Material supplied: Begin

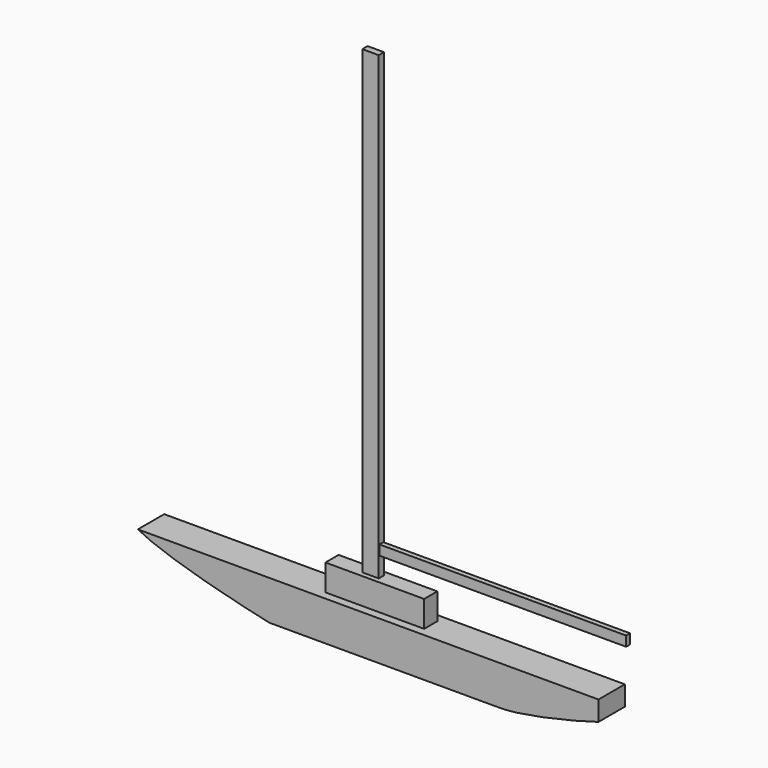
from build123d import *

# Parameters (mm, degrees)
F1_DEPTH = 12.7
F2_DEPTH = 2.54
F0_W     = 190.5
F0_H     = 7.62
F3_DEPTH = 1.905
F4_DEPTH = 6.35
F5_W     = 50.8
F5_H     = 17.78
F6_DEPTH = 10.16


# Not quite as in the source:
# - a feature names something its author has since deleted; it is built from what else it names


with BuildPart() as f1:
    # F0 (on Front) → F1 (new body, symmetric)
    with BuildSketch(Plane.XZ):
        Polygon((114.3, -15.24), (114.3, 15.24), (50.8, 15.24), (-25.4, 15.24), (-63.5, 15.24), (-63.5, -15.24), align=None)
        with BuildLine():
            add(Edge.make_bspline(
                [(-165.1, 15.24), (-140.9795414875, 2.2073420069), (-78.9946019822, -11.9854301172), (-63.5, -15.24)],
                knots=[0, 0, 0, 0, 106.0735141305, 106.0735141305, 106.0735141305, 106.0735141305], degree=3))
            Line((-63.5, -15.24), (-63.5, 15.24))
            Line((-63.5, 15.24), (-165.1, 15.24))
        make_face()
        with BuildLine():
            Line((190.5, 15.24), (114.3, 15.24))
            Line((114.3, 15.24), (114.3, -15.24))
            add(Edge.make_bspline(
                [(190.5, 0), (180.2725183696, -3.34228636), (135.7526859203, -15.2111054963), (114.3, -15.24)],
                knots=[0, 0, 0, 0, 77.7090573872, 77.7090573872, 77.7090573872, 77.7090573872], degree=3))
            Line((190.5, 0), (190.5, 15.24))
        make_face()
    extrude(amount=F1_DEPTH, both=True)

    # F5 (on Top) → F6 (cut)
    with BuildSketch(Plane.XY):
        with Locations((154.94, 0)):
            Rectangle(F5_W, F5_H)
    extrude(amount=F6_DEPTH, mode=Mode.SUBTRACT)


with BuildPart() as f2:
    # F0 (on Front) → F2 (new body, symmetric)
    with BuildSketch(Plane.XZ):
        Polygon((0, 35.56), (12.7, 35.56), (12.7, 50.8), (12.7, 58.42), (12.7, 391.16), (0, 391.16), align=None)
    extrude(amount=F2_DEPTH, both=True)


with BuildPart() as f3:
    # F0 (on Front) → F3 (new body, symmetric)
    with BuildSketch(Plane.XZ):
        with Locations((107.95, 54.61)):
            Rectangle(F0_W, F0_H)
    extrude(amount=F3_DEPTH, both=True)


with BuildPart() as f4:
    # F0 (on Front) → F4 (new body, symmetric)
    with BuildSketch(Plane.XZ):
        Polygon((-25.4, 15.24), (50.8, 15.24), (50.8, 35.56), (12.7, 35.56), (0, 35.56), (-25.4, 35.56), align=None)
    extrude(amount=F4_DEPTH, both=True)


solid = Compound([f1.part, f2.part, f3.part, f4.part])

Material supplied: End

● What is expected: Within the data above, how many lines include the string "BuildPart"? Answer with the number by itself.

● Problem solution: 4